▶ EXERCISE
Copy every entry exactly as it reads and exclude whatever pictures appear.

▶ INPUT MATERIAL
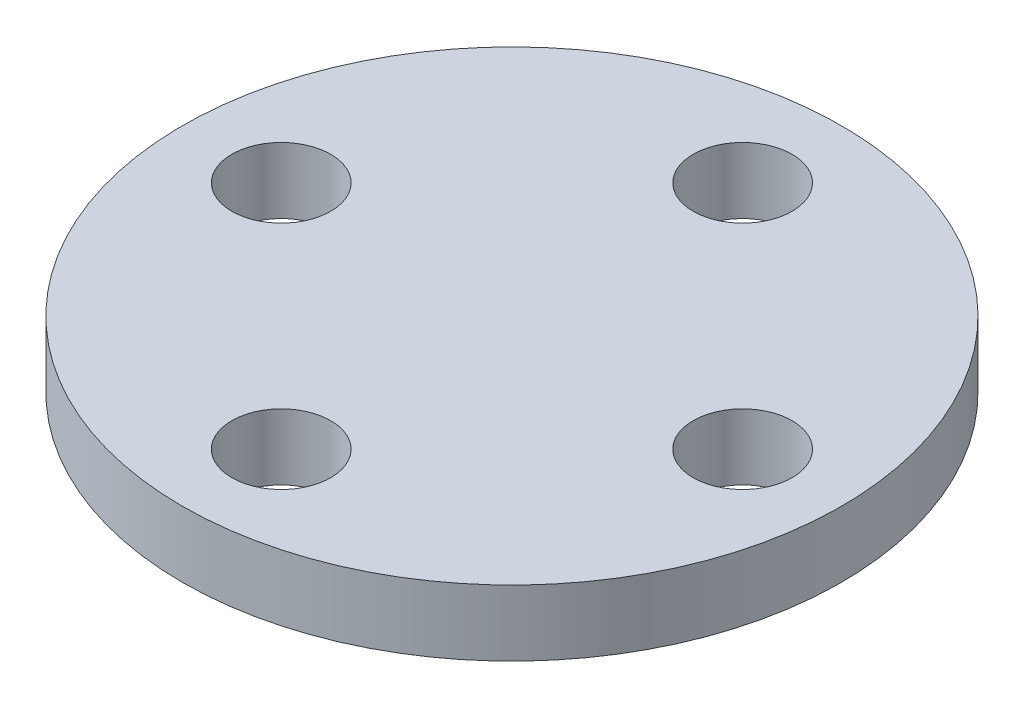
from build123d import *

# Parameters (mm, degrees)
SKETCH1_R           = 10
SKETCH1_R_2         = 1.5
BOSS_EXTRUDE1_DEPTH = 2
SKETCH2_R           = 4
SKETCH2_R_2         = 2
BOSS_EXTRUDE2_DEPTH = 3


with BuildPart() as part:
    # Sketch1 → Boss-Extrude1 (new body)
    with BuildSketch(Plane(origin=(0, 0, 0), x_dir=(1, 0, 0), z_dir=(0, 1, 0))):
        Circle(SKETCH1_R)
        with Locations((0, 7)):
            Circle(SKETCH1_R_2, mode=Mode.SUBTRACT)
        with Locations((7, 0)):
            Circle(SKETCH1_R_2, mode=Mode.SUBTRACT)
        with Locations((0, -7)):
            Circle(SKETCH1_R_2, mode=Mode.SUBTRACT)
        with Locations((-7, 0)):
            Circle(SKETCH1_R_2, mode=Mode.SUBTRACT)
    extrude(amount=BOSS_EXTRUDE1_DEPTH)

    # Sketch2 → Boss-Extrude2 (add)
    with BuildSketch(Plane.XZ):
        Circle(SKETCH2_R)
        Circle(SKETCH2_R_2, mode=Mode.SUBTRACT)
    extrude(amount=BOSS_EXTRUDE2_DEPTH)


solid = part.part
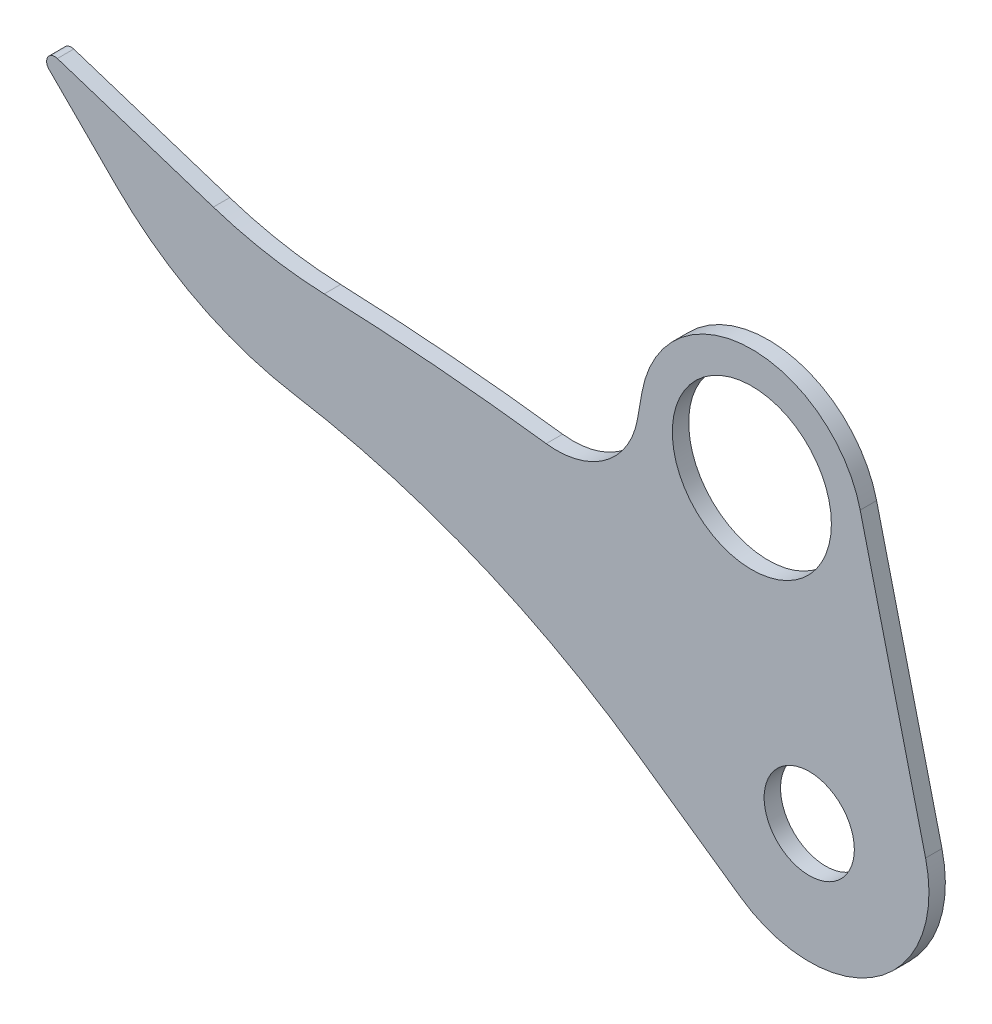
from build123d import *

# Parameters (mm, degrees)
SKETCH1_R          = 27.5
SKETCH1_R_2        = 48.5
BASE_EXTRUDE_DEPTH = 10


with BuildPart() as part:
    # Sketch1 → Base-Extrude (new body)
    with BuildSketch(Plane.XY):
        with BuildLine():
            Line((70.930675146, 17.258022001), (31.072409725, 181.075965699))
            ThreePointArc((31.072409725, 181.075965699), (-37.180312094, 232.965036888), (-101.966927205, 176.808076081))
            Line((-101.966927205, 176.808076081), (-104.698317648, 161.317591117))
            ThreePointArc((-104.698317648, 161.317591117), (-124.339394775, 129.702595413), (-160.381803445, 120.416872968))
            ThreePointArc((-160.381803445, 120.416872968), (-227.936557036, 127.643740719), (-295.749262378, 131.804190759))
            ThreePointArc((-295.749262378, 131.804190759), (-329.964920671, 135.496946415), (-363.349263399, 143.853583144))
            Line((-363.349263399, 143.853583144), (-458.454915028, 174.755282581))
            ThreePointArc((-458.454915028, 174.755282581), (-464.263200822, 172.612492824), (-463.535533906, 166.464466094))
            Line((-463.535533906, 166.464466094), (-422.516106966, 125.445039154))
            ThreePointArc((-422.516106966, 125.445039154), (-372.592477248, 89.023301508), (-313.933303895, 69.580741007))
            ThreePointArc((-313.933303895, 69.580741007), (-204.337272048, 38.490168586), (-104.328864588, -16.064687542))
            Line((-104.328864588, -16.064687542), (-41.871079854, -59.798099233))
            ThreePointArc((-41.871079854, -59.798099233), (41.176771055, -60.278300619), (70.930675146, 17.258022001))
        make_face()
        Circle(SKETCH1_R, mode=Mode.SUBTRACT)
        with Locations((-35, 165)):
            Circle(SKETCH1_R_2, mode=Mode.SUBTRACT)
    extrude(amount=BASE_EXTRUDE_DEPTH)


solid = part.part

▶ TASK RESPONSE
from build123d import *

# Parameters (mm, degrees)
SKETCH1_R           = 10
SKETCH1_R_2         = 1.5
BOSS_EXTRUDE1_DEPTH = 2
SKETCH2_R           = 4
SKETCH2_R_2         = 2
BOSS_EXTRUDE2_DEPTH = 3


with BuildPart() as part:
    # Sketch1 → Boss-Extrude1 (new body)
    with BuildSketch(Plane(origin=(0, 0, 0), x_dir=(1, 0, 0), z_dir=(0, 1, 0))):
        Circle(SKETCH1_R)
        with Locations((0, 7)):
            Circle(SKETCH1_R_2, mode=Mode.SUBTRACT)
        with Locations((7, 0)):
            Circle(SKETCH1_R_2, mode=Mode.SUBTRACT)
        with Locations((0, -7)):
            Circle(SKETCH1_R_2, mode=Mode.SUBTRACT)
        with Locations((-7, 0)):
            Circle(SKETCH1_R_2, mode=Mode.SUBTRACT)
    extrude(amount=BOSS_EXTRUDE1_DEPTH)

    # Sketch2 → Boss-Extrude2 (add)
    with BuildSketch(Plane.XZ):
        Circle(SKETCH2_R)
        Circle(SKETCH2_R_2, mode=Mode.SUBTRACT)
    extrude(amount=BOSS_EXTRUDE2_DEPTH)


solid = part.part
from build123d import *

# Parameters (mm, degrees)
SKETCH1_R          = 27.5
SKETCH1_R_2        = 48.5
BASE_EXTRUDE_DEPTH = 10


with BuildPart() as part:
    # Sketch1 → Base-Extrude (new body)
    with BuildSketch(Plane.XY):
        with BuildLine():
            Line((70.930675146, 17.258022001), (31.072409725, 181.075965699))
            ThreePointArc((31.072409725, 181.075965699), (-37.180312094, 232.965036888), (-101.966927205, 176.808076081))
            Line((-101.966927205, 176.808076081), (-104.698317648, 161.317591117))
            ThreePointArc((-104.698317648, 161.317591117), (-124.339394775, 129.702595413), (-160.381803445, 120.416872968))
            ThreePointArc((-160.381803445, 120.416872968), (-227.936557036, 127.643740719), (-295.749262378, 131.804190759))
            ThreePointArc((-295.749262378, 131.804190759), (-329.964920671, 135.496946415), (-363.349263399, 143.853583144))
            Line((-363.349263399, 143.853583144), (-458.454915028, 174.755282581))
            ThreePointArc((-458.454915028, 174.755282581), (-464.263200822, 172.612492824), (-463.535533906, 166.464466094))
            Line((-463.535533906, 166.464466094), (-422.516106966, 125.445039154))
            ThreePointArc((-422.516106966, 125.445039154), (-372.592477248, 89.023301508), (-313.933303895, 69.580741007))
            ThreePointArc((-313.933303895, 69.580741007), (-204.337272048, 38.490168586), (-104.328864588, -16.064687542))
            Line((-104.328864588, -16.064687542), (-41.871079854, -59.798099233))
            ThreePointArc((-41.871079854, -59.798099233), (41.176771055, -60.278300619), (70.930675146, 17.258022001))
        make_face()
        Circle(SKETCH1_R, mode=Mode.SUBTRACT)
        with Locations((-35, 165)):
            Circle(SKETCH1_R_2, mode=Mode.SUBTRACT)
    extrude(amount=BASE_EXTRUDE_DEPTH)


solid = part.part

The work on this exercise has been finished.